I'm having work done in my home, so I have to move around the Roamio and the Mini from room to room -- wherever they're not working.

So I can't set up a wired connection for the Roamio Plus.

When I set up a wireless connection, it seems to be fine. I can view Youtube videos, including HD ones, which play smoothly over the wireless connectin.

Then I try to create MOCA network and it says no Internet connection.

So I have to reconnect to my SSID and re-obtain a DHCP IP address.

If it's not supported to use a wireless connection, then it should say so, shouldn't it?

Or is MOCA only supported if the bridge is on ethernet connection?


----------



## WRX09MD (Aug 25, 2013)

wco81 said:


> I'm having work done in my home, so I have to move around the Roamio and the Mini from room to room -- wherever they're not working.
> 
> So I can't set up a wired connection for the Roamio Plus.
> 
> ...


Roamio must be wired to support Moca for a mini


----------



## wco81 (Dec 28, 2001)

Ok, understood.

A more general question. Now that MOCA is working across the house, would I be able to get a MOCA adapter to feed ethernet to another device near any coax drop?

The ones on Amazon are described as coax-to-ethernet, which sounds like the built-in bridge in the Roamio Plus.
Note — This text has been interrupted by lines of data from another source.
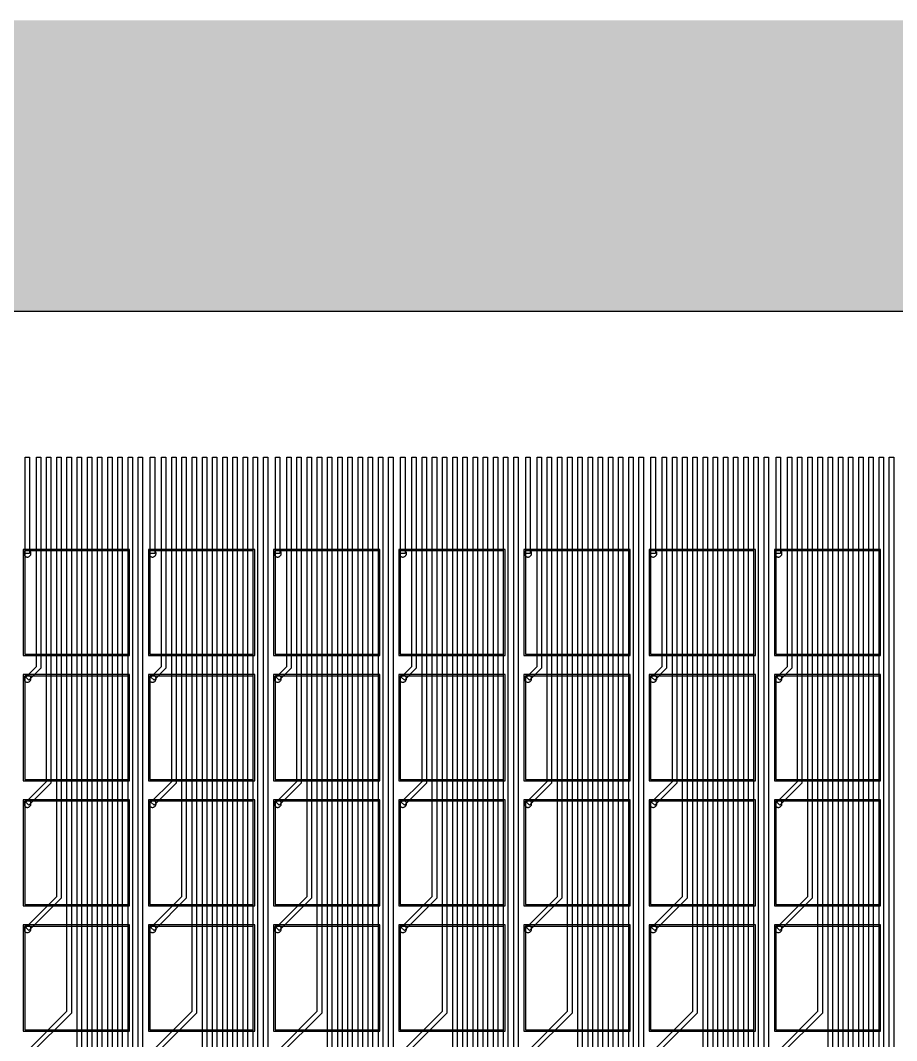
# Model space of a CAD drawing. Header units: metres. Extents: x -514 to 4285, y 130 to 1832.
# Drawn here: x 1288 to 1890, y 1132 to 1832 of the extents above; entities that cross this region are included whole.
import ezdxf

# ---------------------------------------------------------------- set-up
doc = ezdxf.new("R2010")
doc.units = ezdxf.units.M
for name, color, linetype in [('Etching', 1, 'CONTINUOUS'), ('EtchingPad', 2, 'CONTINUOUS'), ('Metal1', 4, 'CONTINUOUS'), ('Metal2', 3, 'CONTINUOUS'), ('Polyimide', 7, 'CONTINUOUS'), ('Polyimide_Negative', 5, 'CONTINUOUS')]:
    doc.layers.add(name, color=color, linetype=linetype)

msp = doc.modelspace()

# ---------------------------------------------------------------- hatches: boundary and pattern name
at = {"layer": 'Polyimide_Negative'}
h = msp.add_hatch(color=5, dxfattribs=at)
h.paths.add_polyline_path([(-514, 1832.5), (4285, 1832.5), (4285, 230), (59.64, 230), (48.21, 217.79), (33.87, 204.37), (18.69, 191.91), (2.73, 180.47), (-13.95, 170.1), (-31.27, 160.84), (-49.15, 152.74), (-67.53, 145.82), (-86.33, 140.12), (-105.45, 135.66), (-124.83, 132.46), (-144.37, 130.54), (-164, 129.89), (-183.63, 130.54), (-203.17, 132.46), (-222.55, 135.66), (-241.67, 140.12), (-260.47, 145.82), (-278.85, 152.74), (-296.73, 160.84), (-314.05, 170.1), (-330.73, 180.47), (-346.69, 191.91), (-361.87, 204.37), (-376.21, 217.79), (-387.64, 230), (-514, 230), (-514, 1832.5)])
h.paths.add_polyline_path([(-264, 430), (-263.79, 423.46), (-263.14, 416.95), (-262.08, 410.49), (-260.59, 404.12), (-258.69, 397.86), (-256.39, 391.73), (-253.69, 385.77), (-250.6, 380), (-247.15, 374.44), (-243.34, 369.12), (-239.18, 364.07), (-234.71, 359.29), (-229.93, 354.82), (-224.88, 350.66), (-219.56, 346.85), (-214, 343.4), (-208.23, 340.31), (-202.27, 337.61), (-196.14, 335.31), (-189.88, 333.41), (-183.51, 331.92), (-177.05, 330.86), (-170.54, 330.21), (-164, 330), (-157.46, 330.21), (-150.95, 330.86), (-144.49, 331.92), (-138.12, 333.41), (-131.86, 335.31), (-125.73, 337.61), (-119.77, 340.31), (-114, 343.4), (-108.44, 346.85), (-103.12, 350.66), (-98.07, 354.82), (-93.29, 359.29), (-88.82, 364.07), (-84.66, 369.12), (-80.85, 374.44), (-77.4, 380), (-74.31, 385.77), (-71.61, 391.73), (-69.31, 397.86), (-67.41, 404.12), (-65.92, 410.49), (-64.86, 416.95), (-64.21, 423.46), (-64, 430), (1985, 430), (3830, 430), (3830.22, 436.87), (3830.9, 443.71), (3832.02, 450.48), (3833.58, 457.18), (3835.57, 463.75), (3837.99, 470.18), (3840.83, 476.44), (3844.07, 482.5), (3847.7, 488.33), (3851.7, 493.92), (3856.06, 499.23), (3860.75, 504.25), (3865.77, 508.94), (3871.08, 513.3), (3876.67, 517.3), (3882.5, 520.93), (3888.56, 524.17), (3894.82, 527.01), (3901.25, 529.43), (3907.82, 531.42), (3914.52, 532.98), (3921.29, 534.1), (3928.13, 534.78), (3935, 535), (3941.87, 534.78), (3948.71, 534.1), (3955.48, 532.98), (3962.18, 531.42), (3968.75, 529.43), (3975.18, 527.01), (3981.44, 524.17), (3987.5, 520.93), (3993.33, 517.3), (3998.92, 513.3), (4004.23, 508.94), (4009.25, 504.25), (4013.94, 499.23), (4018.3, 493.92), (4022.3, 488.33), (4025.93, 482.5), (4029.17, 476.44), (4032.01, 470.18), (4034.43, 463.75), (4036.42, 457.18), (4037.98, 450.48), (4039.1, 443.71), (4039.78, 436.87), (4040, 430), (4085, 430), (4085, 1632.5), (-314, 1632.5), (-314, 430), (-264, 430)], flags=0)

# ---------------------------------------------------------------- linework, layer by layer
at = {"layer": 'Etching'}
for points in [[(1295.25, 1466.25), (1295.23, 1466.58), (1295.16, 1466.9), (1295.06, 1467.21), (1294.92, 1467.5), (1294.73, 1467.77), (1294.52, 1468.02), (1294.27, 1468.23), (1294, 1468.42), (1293.71, 1468.56), (1293.4, 1468.66), (1293.08, 1468.73), (1292.75, 1468.75), (1292.42, 1468.73), (1292.1, 1468.66), (1291.79, 1468.56), (1291.5, 1468.42), (1291.23, 1468.23), (1290.98, 1468.02), (1290.77, 1467.77), (1290.58, 1467.5), (1290.44, 1467.21), (1290.34, 1466.9), (1290.27, 1466.58), (1290.25, 1466.25), (1290.27, 1465.92), (1290.34, 1465.6), (1290.44, 1465.29), (1290.58, 1465), (1290.77, 1464.73), (1290.98, 1464.48), (1291.23, 1464.27), (1291.5, 1464.08), (1291.79, 1463.94), (1292.1, 1463.84), (1292.42, 1463.77), (1292.75, 1463.75), (1293.08, 1463.77), (1293.4, 1463.84), (1293.71, 1463.94), (1294, 1464.08), (1294.27, 1464.27), (1294.52, 1464.48), (1294.73, 1464.73), (1294.92, 1465), (1295.06, 1465.29), (1295.16, 1465.6), (1295.23, 1465.92), (1295.25, 1466.25)], [(1381.25, 1466.25), (1381.23, 1466.58), (1381.16, 1466.9), (1381.06, 1467.21), (1380.92, 1467.5), (1380.73, 1467.77), (1380.52, 1468.02), (1380.27, 1468.23), (1380, 1468.42), (1379.71, 1468.56), (1379.4, 1468.66), (1379.08, 1468.73), (1378.75, 1468.75), (1378.42, 1468.73), (1378.1, 1468.66), (1377.79, 1468.56), (1377.5, 1468.42), (1377.23, 1468.23), (1376.98, 1468.02), (1376.77, 1467.77), (1376.58, 1467.5), (1376.44, 1467.21), (1376.34, 1466.9), (1376.27, 1466.58), (1376.25, 1466.25), (1376.27, 1465.92), (1376.34, 1465.6), (1376.44, 1465.29), (1376.58, 1465), (1376.77, 1464.73), (1376.98, 1464.48), (1377.23, 1464.27), (1377.5, 1464.08), (1377.79, 1463.94), (1378.1, 1463.84), (1378.42, 1463.77), (1378.75, 1463.75), (1379.08, 1463.77), (1379.4, 1463.84), (1379.71, 1463.94), (1380, 1464.08), (1380.27, 1464.27), (1380.52, 1464.48), (1380.73, 1464.73), (1380.92, 1465), (1381.06, 1465.29), (1381.16, 1465.6), (1381.23, 1465.92), (1381.25, 1466.25)], [(1467.25, 1466.25), (1467.23, 1466.58), (1467.16, 1466.9), (1467.06, 1467.21), (1466.92, 1467.5), (1466.73, 1467.77), (1466.52, 1468.02), (1466.27, 1468.23), (1466, 1468.42), (1465.71, 1468.56), (1465.4, 1468.66), (1465.08, 1468.73), (1464.75, 1468.75), (1464.42, 1468.73), (1464.1, 1468.66), (1463.79, 1468.56), (1463.5, 1468.42), (1463.23, 1468.23), (1462.98, 1468.02), (1462.77, 1467.77), (1462.58, 1467.5), (1462.44, 1467.21), (1462.34, 1466.9), (1462.27, 1466.58), (1462.25, 1466.25), (1462.27, 1465.92), (1462.34, 1465.6), (1462.44, 1465.29), (1462.58, 1465), (1462.77, 1464.73), (1462.98, 1464.48), (1463.23, 1464.27), (1463.5, 1464.08), (1463.79, 1463.94), (1464.1, 1463.84), (1464.42, 1463.77), (1464.75, 1463.75), (1465.08, 1463.77), (1465.4, 1463.84), (1465.71, 1463.94), (1466, 1464.08), (1466.27, 1464.27), (1466.52, 1464.48), (1466.73, 1464.73), (1466.92, 1465), (1467.06, 1465.29), (1467.16, 1465.6), (1467.23, 1465.92), (1467.25, 1466.25)], [(1553.25, 1466.25), (1553.23, 1466.58), (1553.16, 1466.9), (1553.06, 1467.21), (1552.92, 1467.5), (1552.73, 1467.77), (1552.52, 1468.02), (1552.27, 1468.23), (1552, 1468.42), (1551.71, 1468.56), (1551.4, 1468.66), (1551.08, 1468.73), (1550.75, 1468.75), (1550.42, 1468.73), (1550.1, 1468.66), (1549.79, 1468.56), (1549.5, 1468.42), (1549.23, 1468.23), (1548.98, 1468.02), (1548.77, 1467.77), (1548.58, 1467.5), (1548.44, 1467.21), (1548.34, 1466.9), (1548.27, 1466.58), (1548.25, 1466.25), (1548.27, 1465.92), (1548.34, 1465.6), (1548.44, 1465.29), (1548.58, 1465), (1548.77, 1464.73), (1548.98, 1464.48), (1549.23, 1464.27), (1549.5, 1464.08), (1549.79, 1463.94), (1550.1, 1463.84), (1550.42, 1463.77), (1550.75, 1463.75), (1551.08, 1463.77), (1551.4, 1463.84), (1551.71, 1463.94), (1552, 1464.08), (1552.27, 1464.27), (1552.52, 1464.48), (1552.73, 1464.73), (1552.92, 1465), (1553.06, 1465.29), (1553.16, 1465.6), (1553.23, 1465.92), (1553.25, 1466.25)], [(1639.25, 1466.25), (1639.23, 1466.58), (1639.16, 1466.9), (1639.06, 1467.21), (1638.92, 1467.5), (1638.73, 1467.77), (1638.52, 1468.02), (1638.27, 1468.23), (1638, 1468.42), (1637.71, 1468.56), (1637.4, 1468.66), (1637.08, 1468.73), (1636.75, 1468.75), (1636.42, 1468.73), (1636.1, 1468.66), (1635.79, 1468.56), (1635.5, 1468.42), (1635.23, 1468.23), (1634.98, 1468.02), (1634.77, 1467.77), (1634.58, 1467.5), (1634.44, 1467.21), (1634.34, 1466.9), (1634.27, 1466.58), (1634.25, 1466.25), (1634.27, 1465.92), (1634.34, 1465.6), (1634.44, 1465.29), (1634.58, 1465), (1634.77, 1464.73), (1634.98, 1464.48), (1635.23, 1464.27), (1635.5, 1464.08), (1635.79, 1463.94), (1636.1, 1463.84), (1636.42, 1463.77), (1636.75, 1463.75), (1637.08, 1463.77), (1637.4, 1463.84), (1637.71, 1463.94), (1638, 1464.08), (1638.27, 1464.27), (1638.52, 1464.48), (1638.73, 1464.73), (1638.92, 1465), (1639.06, 1465.29), (1639.16, 1465.6), (1639.23, 1465.92), (1639.25, 1466.25)], [(1725.25, 1466.25), (1725.23, 1466.58), (1725.16, 1466.9), (1725.06, 1467.21), (1724.92, 1467.5), (1724.73, 1467.77), (1724.52, 1468.02), (1724.27, 1468.23), (1724, 1468.42), (1723.71, 1468.56), (1723.4, 1468.66), (1723.08, 1468.73), (1722.75, 1468.75), (1722.42, 1468.73), (1722.1, 1468.66), (1721.79, 1468.56), (1721.5, 1468.42), (1721.23, 1468.23), (1720.98, 1468.02), (1720.77, 1467.77), (1720.58, 1467.5), (1720.44, 1467.21), (1720.34, 1466.9), (1720.27, 1466.58), (1720.25, 1466.25), (1720.27, 1465.92), (1720.34, 1465.6), (1720.44, 1465.29), (1720.58, 1465), (1720.77, 1464.73), (1720.98, 1464.48), (1721.23, 1464.27), (1721.5, 1464.08), (1721.79, 1463.94), (1722.1, 1463.84), (1722.42, 1463.77), (1722.75, 1463.75), (1723.08, 1463.77), (1723.4, 1463.84), (1723.71, 1463.94), (1724, 1464.08), (1724.27, 1464.27), (1724.52, 1464.48), (1724.73, 1464.73), (1724.92, 1465), (1725.06, 1465.29), (1725.16, 1465.6), (1725.23, 1465.92), (1725.25, 1466.25)], [(1811.25, 1466.25), (1811.23, 1466.58), (1811.16, 1466.9), (1811.06, 1467.21), (1810.92, 1467.5), (1810.73, 1467.77), (1810.52, 1468.02), (1810.27, 1468.23), (1810, 1468.42), (1809.71, 1468.56), (1809.4, 1468.66), (1809.08, 1468.73), (1808.75, 1468.75), (1808.42, 1468.73), (1808.1, 1468.66), (1807.79, 1468.56), (1807.5, 1468.42), (1807.23, 1468.23), (1806.98, 1468.02), (1806.77, 1467.77), (1806.58, 1467.5), (1806.44, 1467.21), (1806.34, 1466.9), (1806.27, 1466.58), (1806.25, 1466.25), (1806.27, 1465.92), (1806.34, 1465.6), (1806.44, 1465.29), (1806.58, 1465), (1806.77, 1464.73), (1806.98, 1464.48), (1807.23, 1464.27), (1807.5, 1464.08), (1807.79, 1463.94), (1808.1, 1463.84), (1808.42, 1463.77), (1808.75, 1463.75), (1809.08, 1463.77), (1809.4, 1463.84), (1809.71, 1463.94), (1810, 1464.08), (1810.27, 1464.27), (1810.52, 1464.48), (1810.73, 1464.73), (1810.92, 1465), (1811.06, 1465.29), (1811.16, 1465.6), (1811.23, 1465.92), (1811.25, 1466.25)], [(1295.25, 1380.25), (1295.23, 1380.58), (1295.16, 1380.9), (1295.06, 1381.21), (1294.92, 1381.5), (1294.73, 1381.77), (1294.52, 1382.02), (1294.27, 1382.23), (1294, 1382.42), (1293.71, 1382.56), (1293.4, 1382.66), (1293.08, 1382.73), (1292.75, 1382.75), (1292.42, 1382.73), (1292.1, 1382.66), (1291.79, 1382.56), (1291.5, 1382.42), (1291.23, 1382.23), (1290.98, 1382.02), (1290.77, 1381.77), (1290.58, 1381.5), (1290.44, 1381.21), (1290.34, 1380.9), (1290.27, 1380.58), (1290.25, 1380.25), (1290.27, 1379.92), (1290.34, 1379.6), (1290.44, 1379.29), (1290.58, 1379), (1290.77, 1378.73), (1290.98, 1378.48), (1291.23, 1378.27), (1291.5, 1378.08), (1291.79, 1377.94), (1292.1, 1377.84), (1292.42, 1377.77), (1292.75, 1377.75), (1293.08, 1377.77), (1293.4, 1377.84), (1293.71, 1377.94), (1294, 1378.08), (1294.27, 1378.27), (1294.52, 1378.48), (1294.73, 1378.73), (1294.92, 1379), (1295.06, 1379.29), (1295.16, 1379.6), (1295.23, 1379.92), (1295.25, 1380.25)], [(1381.25, 1380.25), (1381.23, 1380.58), (1381.16, 1380.9), (1381.06, 1381.21), (1380.92, 1381.5), (1380.73, 1381.77), (1380.52, 1382.02), (1380.27, 1382.23), (1380, 1382.42), (1379.71, 1382.56), (1379.4, 1382.66), (1379.08, 1382.73), (1378.75, 1382.75), (1378.42, 1382.73), (1378.1, 1382.66), (1377.79, 1382.56), (1377.5, 1382.42), (1377.23, 1382.23), (1376.98, 1382.02), (1376.77, 1381.77), (1376.58, 1381.5), (1376.44, 1381.21), (1376.34, 1380.9), (1376.27, 1380.58), (1376.25, 1380.25), (1376.27, 1379.92), (1376.34, 1379.6), (1376.44, 1379.29), (1376.58, 1379), (1376.77, 1378.73), (1376.98, 1378.48), (1377.23, 1378.27), (1377.5, 1378.08), (1377.79, 1377.94), (1378.1, 1377.84), (1378.42, 1377.77), (1378.75, 1377.75), (1379.08, 1377.77), (1379.4, 1377.84), (1379.71, 1377.94), (1380, 1378.08), (1380.27, 1378.27), (1380.52, 1378.48), (1380.73, 1378.73), (1380.92, 1379), (1381.06, 1379.29), (1381.16, 1379.6), (1381.23, 1379.92), (1381.25, 1380.25)], [(1467.25, 1380.25), (1467.23, 1380.58), (1467.16, 1380.9), (1467.06, 1381.21), (1466.92, 1381.5), (1466.73, 1381.77), (1466.52, 1382.02), (1466.27, 1382.23), (1466, 1382.42), (1465.71, 1382.56), (1465.4, 1382.66), (1465.08, 1382.73), (1464.75, 1382.75), (1464.42, 1382.73), (1464.1, 1382.66), (1463.79, 1382.56), (1463.5, 1382.42), (1463.23, 1382.23), (1462.98, 1382.02), (1462.77, 1381.77), (1462.58, 1381.5), (1462.44, 1381.21), (1462.34, 1380.9), (1462.27, 1380.58), (1462.25, 1380.25), (1462.27, 1379.92), (1462.34, 1379.6), (1462.44, 1379.29), (1462.58, 1379), (1462.77, 1378.73), (1462.98, 1378.48), (1463.23, 1378.27), (1463.5, 1378.08), (1463.79, 1377.94), (1464.1, 1377.84), (1464.42, 1377.77), (1464.75, 1377.75), (1465.08, 1377.77), (1465.4, 1377.84), (1465.71, 1377.94), (1466, 1378.08), (1466.27, 1378.27), (1466.52, 1378.48), (1466.73, 1378.73), (1466.92, 1379), (1467.06, 1379.29), (1467.16, 1379.6), (1467.23, 1379.92), (1467.25, 1380.25)], [(1553.25, 1380.25), (1553.23, 1380.58), (1553.16, 1380.9), (1553.06, 1381.21), (1552.92, 1381.5), (1552.73, 1381.77), (1552.52, 1382.02), (1552.27, 1382.23), (1552, 1382.42), (1551.71, 1382.56), (1551.4, 1382.66), (1551.08, 1382.73), (1550.75, 1382.75), (1550.42, 1382.73), (1550.1, 1382.66), (1549.79, 1382.56), (1549.5, 1382.42), (1549.23, 1382.23), (1548.98, 1382.02), (1548.77, 1381.77), (1548.58, 1381.5), (1548.44, 1381.21), (1548.34, 1380.9), (1548.27, 1380.58), (1548.25, 1380.25), (1548.27, 1379.92), (1548.34, 1379.6), (1548.44, 1379.29), (1548.58, 1379), (1548.77, 1378.73), (1548.98, 1378.48), (1549.23, 1378.27), (1549.5, 1378.08), (1549.79, 1377.94), (1550.1, 1377.84), (1550.42, 1377.77), (1550.75, 1377.75), (1551.08, 1377.77), (1551.4, 1377.84), (1551.71, 1377.94), (1552, 1378.08), (1552.27, 1378.27), (1552.52, 1378.48), (1552.73, 1378.73), (1552.92, 1379), (1553.06, 1379.29), (1553.16, 1379.6), (1553.23, 1379.92), (1553.25, 1380.25)], [(1639.25, 1380.25), (1639.23, 1380.58), (1639.16, 1380.9), (1639.06, 1381.21), (1638.92, 1381.5), (1638.73, 1381.77), (1638.52, 1382.02), (1638.27, 1382.23), (1638, 1382.42), (1637.71, 1382.56), (1637.4, 1382.66), (1637.08, 1382.73), (1636.75, 1382.75), (1636.42, 1382.73), (1636.1, 1382.66), (1635.79, 1382.56), (1635.5, 1382.42), (1635.23, 1382.23), (1634.98, 1382.02), (1634.77, 1381.77), (1634.58, 1381.5), (1634.44, 1381.21), (1634.34, 1380.9), (1634.27, 1380.58), (1634.25, 1380.25), (1634.27, 1379.92), (1634.34, 1379.6), (1634.44, 1379.29), (1634.58, 1379), (1634.77, 1378.73), (1634.98, 1378.48), (1635.23, 1378.27), (1635.5, 1378.08), (1635.79, 1377.94), (1636.1, 1377.84), (1636.42, 1377.77), (1636.75, 1377.75), (1637.08, 1377.77), (1637.4, 1377.84), (1637.71, 1377.94), (1638, 1378.08), (1638.27, 1378.27), (1638.52, 1378.48), (1638.73, 1378.73), (1638.92, 1379), (1639.06, 1379.29), (1639.16, 1379.6), (1639.23, 1379.92), (1639.25, 1380.25)], [(1725.25, 1380.25), (1725.23, 1380.58), (1725.16, 1380.9), (1725.06, 1381.21), (1724.92, 1381.5), (1724.73, 1381.77), (1724.52, 1382.02), (1724.27, 1382.23), (1724, 1382.42), (1723.71, 1382.56), (1723.4, 1382.66), (1723.08, 1382.73), (1722.75, 1382.75), (1722.42, 1382.73), (1722.1, 1382.66), (1721.79, 1382.56), (1721.5, 1382.42), (1721.23, 1382.23), (1720.98, 1382.02), (1720.77, 1381.77), (1720.58, 1381.5), (1720.44, 1381.21), (1720.34, 1380.9), (1720.27, 1380.58), (1720.25, 1380.25), (1720.27, 1379.92), (1720.34, 1379.6), (1720.44, 1379.29), (1720.58, 1379), (1720.77, 1378.73), (1720.98, 1378.48), (1721.23, 1378.27), (1721.5, 1378.08), (1721.79, 1377.94), (1722.1, 1377.84), (1722.42, 1377.77), (1722.75, 1377.75), (1723.08, 1377.77), (1723.4, 1377.84), (1723.71, 1377.94), (1724, 1378.08), (1724.27, 1378.27), (1724.52, 1378.48), (1724.73, 1378.73), (1724.92, 1379), (1725.06, 1379.29), (1725.16, 1379.6), (1725.23, 1379.92), (1725.25, 1380.25)], [(1811.25, 1380.25), (1811.23, 1380.58), (1811.16, 1380.9), (1811.06, 1381.21), (1810.92, 1381.5), (1810.73, 1381.77), (1810.52, 1382.02), (1810.27, 1382.23), (1810, 1382.42), (1809.71, 1382.56), (1809.4, 1382.66), (1809.08, 1382.73), (1808.75, 1382.75), (1808.42, 1382.73), (1808.1, 1382.66), (1807.79, 1382.56), (1807.5, 1382.42), (1807.23, 1382.23), (1806.98, 1382.02), (1806.77, 1381.77), (1806.58, 1381.5), (1806.44, 1381.21), (1806.34, 1380.9), (1806.27, 1380.58), (1806.25, 1380.25), (1806.27, 1379.92), (1806.34, 1379.6), (1806.44, 1379.29), (1806.58, 1379), (1806.77, 1378.73), (1806.98, 1378.48), (1807.23, 1378.27), (1807.5, 1378.08), (1807.79, 1377.94), (1808.1, 1377.84), (1808.42, 1377.77), (1808.75, 1377.75), (1809.08, 1377.77), (1809.4, 1377.84), (1809.71, 1377.94), (1810, 1378.08), (1810.27, 1378.27), (1810.52, 1378.48), (1810.73, 1378.73), (1810.92, 1379), (1811.06, 1379.29), (1811.16, 1379.6), (1811.23, 1379.92), (1811.25, 1380.25)], [(1295.25, 1294.25), (1295.23, 1294.58), (1295.16, 1294.9), (1295.06, 1295.21), (1294.92, 1295.5), (1294.73, 1295.77), (1294.52, 1296.02), (1294.27, 1296.23), (1294, 1296.42), (1293.71, 1296.56), (1293.4, 1296.66), (1293.08, 1296.73), (1292.75, 1296.75), (1292.42, 1296.73), (1292.1, 1296.66), (1291.79, 1296.56), (1291.5, 1296.42), (1291.23, 1296.23), (1290.98, 1296.02), (1290.77, 1295.77), (1290.58, 1295.5), (1290.44, 1295.21), (1290.34, 1294.9), (1290.27, 1294.58), (1290.25, 1294.25), (1290.27, 1293.92), (1290.34, 1293.6), (1290.44, 1293.29), (1290.58, 1293), (1290.77, 1292.73), (1290.98, 1292.48), (1291.23, 1292.27), (1291.5, 1292.08), (1291.79, 1291.94), (1292.1, 1291.84), (1292.42, 1291.77), (1292.75, 1291.75), (1293.08, 1291.77), (1293.4, 1291.84), (1293.71, 1291.94), (1294, 1292.08), (1294.27, 1292.27), (1294.52, 1292.48), (1294.73, 1292.73), (1294.92, 1293), (1295.06, 1293.29), (1295.16, 1293.6), (1295.23, 1293.92), (1295.25, 1294.25)], [(1381.25, 1294.25), (1381.23, 1294.58), (1381.16, 1294.9), (1381.06, 1295.21), (1380.92, 1295.5), (1380.73, 1295.77), (1380.52, 1296.02), (1380.27, 1296.23), (1380, 1296.42), (1379.71, 1296.56), (1379.4, 1296.66), (1379.08, 1296.73), (1378.75, 1296.75), (1378.42, 1296.73), (1378.1, 1296.66), (1377.79, 1296.56), (1377.5, 1296.42), (1377.23, 1296.23), (1376.98, 1296.02), (1376.77, 1295.77), (1376.58, 1295.5), (1376.44, 1295.21), (1376.34, 1294.9), (1376.27, 1294.58), (1376.25, 1294.25), (1376.27, 1293.92), (1376.34, 1293.6), (1376.44, 1293.29), (1376.58, 1293), (1376.77, 1292.73), (1376.98, 1292.48), (1377.23, 1292.27), (1377.5, 1292.08), (1377.79, 1291.94), (1378.1, 1291.84), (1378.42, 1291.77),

But since the Roamio plus is taking the ethernet and has created the MOCA network, is there a way to connect other devices which have ethernet but not coax to the MOCA network?

Presumably something that you connect the coax to and then an ethernet port to connect to other devices?

Something like this:

http://www.amazon.com/Actiontec-Eth...56&sr=1-2&keywords=moca+coax-ethernet+adapter


----------



## Smirks (Oct 7, 2002)

wco81 said:


> Ok, understood.
> 
> A more general question. Now that MOCA is working across the house, would I be able to get a MOCA adapter to feed ethernet to another device near any coax drop?
> 
> ...


Yep, that'll absolutely work exactly the way you want it to.

You're better off getting it directly from TiVo though for a little more than 1/2 the cost than the one on Amazon. For some reason they have the lowest prices on the web for the Actiontec bridges.


----------



## socrplyr (Jul 19, 2006)

Smirks said:


> Yep, that'll absolutely work exactly the way you want it to.
> 
> You're better off getting it directly from TiVo though for a little more than 1/2 the cost than the one on Amazon. For some reason they have the lowest prices on the web for the Actiontec bridges.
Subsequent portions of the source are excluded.